# CHANGES
## v4.3.0
* Add script to convert allelecount output to JSON
## v4.2.1
* Update so docker and native install use same install scripts behind the scenes
* Docker now actually has htslib 1.11
* htslib compiled with libdeflate for improved performance
## v4.2.0
* Updated to hstlib 1.11
## v4.1.0
* Created Docker file and build scripts to generate a containeraized code
## v4.0.2
* Added checking of iterator error codes when calling sam_itr_next
## v4.0.1
### Behaviour change
**When the proper pair filter flag is used, this code now checks that the paired-end orientation is also used.**
**This will mean that mate-pair orientation (F/F or R/R) will be rejected**
* Where a proper pair filter is used, now check for the correct paired-end orientation of F/R.

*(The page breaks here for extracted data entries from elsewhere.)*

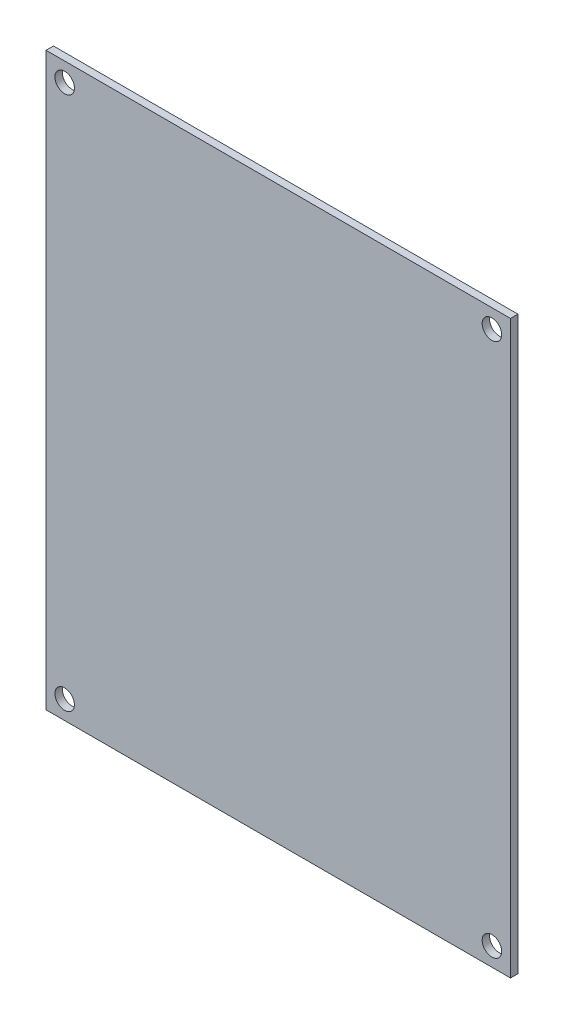
SolidWorks part; units mm, degrees
material "Custom Plastic"
ref_plane "Front Plane" through (0, 0, 0) normal (0, 0, 1) x (1, 0, 0)
ref_plane "Top Plane" through (0, 0, 0) normal (0, 1, 0) x (1, 0, 0)
ref_plane "Right Plane" through (0, 0, 0) normal (1, 0, 0) x (0, 0, -1)
sketch "Model" plane through (0, 0, 0) normal (0, 0, 1) x (1, 0, 0)
  line L0 (104.1673, 32.1811) -> (4.1672, 32.1811)
  line L1 (104.1673, 155.1806) -> (104.1673, 32.1811)
  line L2 (4.1672, 155.1806) -> (104.1673, 155.1806)
  line L3 (4.1672, 32.1811) -> (4.1672, 155.1806)
  line L4 (44.9158, 146.4259) -> (47.4224, 146.4259)
  line L5 (47.4224, 146.4259) -> (47.4224, 148.9326)
  line L6 (47.4224, 148.9326) -> (44.9158, 148.9326)
  line L7 (44.9158, 148.9326) -> (44.9158, 146.4259)
  line L8 (77.4127, 147.4278) -> (79.9193, 147.4278)
  line L9 (79.9193, 147.4278) -> (79.9193, 149.9344)
  line L10 (79.9193, 149.9344) -> (77.4127, 149.9344)
  line L11 (77.4127, 149.9344) -> (77.4127, 147.4278)
  line L12 (6.3266, 141.9721) -> (8.3592, 141.9721)
  line L13 (8.3592, 141.9721) -> (8.3592, 144.0047)
  line L14 (8.3592, 144.0047) -> (6.3266, 144.0047)
  line L15 (6.3266, 144.0047) -> (6.3266, 141.9721)
  line L16 (6.3266, 121.6529) -> (8.3592, 121.6529)
  line L17 (8.3592, 121.6529) -> (8.3592, 123.6855)
  line L18 (8.3592, 123.6855) -> (6.3266, 123.6855)
  line L19 (6.3266, 123.6855) -> (6.3266, 121.6529)
  line L20 (6.3266, 101.3324) -> (8.3592, 101.3324)
  line L21 (8.3592, 101.3324) -> (8.3592, 103.365)
  line L22 (8.3592, 103.365) -> (6.3266, 103.365)
  line L23 (6.3266, 103.365) -> (6.3266, 101.3324)
  line L24 (6.3266, 81.0118) -> (8.3592, 81.0118)
  line L25 (8.3592, 81.0118) -> (8.3592, 83.0444)
  line L26 (8.3592, 83.0444) -> (6.3266, 83.0444)
  line L27 (6.3266, 83.0444) -> (6.3266, 81.0118)
  line L28 (6.3266, 60.6927) -> (8.3592, 60.6927)
  line L29 (8.3592, 60.6927) -> (8.3592, 62.7253)
  line L30 (8.3592, 62.7253) -> (6.3266, 62.7253)
  line L31 (6.3266, 62.7253) -> (6.3266, 60.6927)
  line L32 (85.9221, 148.4144) -> (87.9547, 148.4144)
  line L33 (87.9547, 148.4144) -> (87.9547, 150.447)
  line L34 (87.9547, 150.447) -> (85.9221, 150.447)
  line L35 (85.9221, 150.447) -> (85.9221, 148.4144)
  line L36 (6.3266, 50.5324) -> (8.3592, 50.5324)
  line L37 (8.3592, 50.5324) -> (8.3592, 52.565)
  line L38 (8.3592, 52.565) -> (6.3266, 52.565)
  line L39 (6.3266, 52.565) -> (6.3266, 50.5324)
  line L40 (6.3266, 42.9118) -> (8.3592, 42.9118)
  line L41 (8.3592, 42.9118) -> (8.3592, 44.9444)
  line L42 (8.3592, 44.9444) -> (6.3266, 44.9444)
  line L43 (6.3266, 44.9444) -> (6.3266, 42.9118)
  line L44 (52.8726, 50.0418) -> (54.3815, 50.0418)
  line L45 (54.3815, 50.0418) -> (54.3815, 51.5508)
  line L46 (54.3815, 51.5508) -> (52.8726, 51.5508)
  line L47 (52.8726, 51.5508) -> (52.8726, 50.0418)
  line L48 (58.4219, 130.1637) -> (60.4545, 130.1637)
  line L49 (60.4545, 130.1637) -> (60.4545, 132.1963)
  line L50 (60.4545, 132.1963) -> (58.4219, 132.1963)
  line L51 (58.4219, 132.1963) -> (58.4219, 130.1637)
  line L52 (97.8807, 141.1439) -> (99.9133, 141.1439)
  line L53 (99.9133, 141.1439) -> (99.9133, 143.1765)
  line L54 (99.9133, 143.1765) -> (97.8807, 143.1765)
  line L55 (97.8807, 143.1765) -> (97.8807, 141.1439)
  line L56 (48.438, 37.3046) -> (48.438, 37.0552)
  line L57 (49.9456, 37.0552) -> (49.9456, 37.3046)
  line L58 (52.8877, 37.3046) -> (52.8877, 37.0552)
  line L59 (54.3967, 37.0552) -> (54.3967, 37.3046)
  line L60 (54.3126, 34.0993) -> (54.3126, 33.8995)
  line L61 (56.7201, 33.8995) -> (56.7201, 34.0993)
  line L62 (46.1133, 34.0993) -> (46.1133, 33.8995)
  line L63 (48.5207, 33.8995) -> (48.5207, 34.0993)
  line L64 (82.9607, 49.0165) -> (84.9933, 49.0165)
  line L65 (84.9933, 49.0165) -> (84.9933, 51.0492)
  line L66 (84.9933, 51.0492) -> (82.9607, 51.0492)
  line L67 (82.9607, 51.0492) -> (82.9607, 49.0165)
  line L68 (29.8828, 70.9163) -> (31.9154, 70.9163)
  line L69 (31.9154, 70.9163) -> (31.9154, 72.9489)
  line L70 (31.9154, 72.9489) -> (29.8828, 72.9489)
  line L71 (29.8828, 72.9489) -> (29.8828, 70.9163)
  line L72 (29.8828, 68.1658) -> (31.9154, 68.1658)
  line L73 (31.9154, 68.1658) -> (31.9154, 70.1984)
  line L74 (31.9154, 70.1984) -> (29.8828, 70.1984)
  line L75 (29.8828, 70.1984) -> (29.8828, 68.1658)
  line L76 (29.8828, 108.6649) -> (31.9154, 108.6649)
  line L77 (31.9154, 108.6649) -> (31.9154, 110.6975)
  line L78 (31.9154, 110.6975) -> (29.8828, 110.6975)
  line L79 (29.8828, 110.6975) -> (29.8828, 108.6649)
  line L80 (29.8828, 111.4141) -> (31.9154, 111.4141)
  line L81 (31.9154, 111.4141) -> (31.9154, 113.4467)
  line L82 (31.9154, 113.4467) -> (29.8828, 113.4467)
  line L83 (29.8828, 113.4467) -> (29.8828, 111.4141)
  line L84 (29.8828, 91.1652) -> (31.9154, 91.1652)
  line L85 (31.9154, 91.1652) -> (31.9154, 93.1978)
  line L86 (31.9154, 93.1978) -> (29.8828, 93.1978)
  line L87 (29.8828, 93.1978) -> (29.8828, 91.1652)
  line L88 (29.8828, 88.4147) -> (31.9154, 88.4147)
  line L89 (31.9154, 88.4147) -> (31.9154, 90.4473)
  line L90 (31.9154, 90.4473) -> (29.8828, 90.4473)
  line L91 (29.8828, 90.4473) -> (29.8828, 88.4147)
  line L92 (29.8828, 128.6658) -> (31.9154, 128.6658)
  line L93 (31.9154, 128.6658) -> (31.9154, 130.6984)
  line L94 (31.9154, 130.6984) -> (29.8828, 130.6984)
  line L95 (29.8828, 130.6984) -> (29.8828, 128.6658)
  line L96 (29.8828, 131.4163) -> (31.9154, 131.4163)
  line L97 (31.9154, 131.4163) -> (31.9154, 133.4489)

* If this is not met the read is ignored.
## v4.0.0
* alleleCounter now counts **_per-fragment_** rather than per-read when overlaps occur.
* Reworked perl to wrap C alleleCounter and just handle the extra format changes.
* No dep on Bio::DB::HTS now.
* Update to HTSlib 1.7
* Merged #43, providing 10X processing mode.
## v3.3.1
* Fix setup.sh bug skipping samtools install
## v3.3.0
* Added -d commandline option. It triggers 'dense' mode. Best used where there
* are many SNPs for example AscatNGS and Battenberg allelecount steps
* Added -f commandline option. Flag value of reads to retain in allele counting
* Added -F commandline option. Flag value of reads to exclude in allele counting
## v3.1.0
* Adds filter and keep flags commandline options for read filtering
* Adds dense SNP option
* Change install of Bio::DB::HTS to use fixed version of htslib and Bio::DB::HTS
## v3.0.0
* Removes dependancy on legacy versions of samtools in perl code.
* Upgrades to more recent version of htslib not requiring patch.
## v2.2.0
* Added contig filter commandline option
## v2.1.0
* Added version info to makefile and option to display to alleleCount C code.
* Fixed bug in c code where region wasn't malloc-ing enough for the contig name.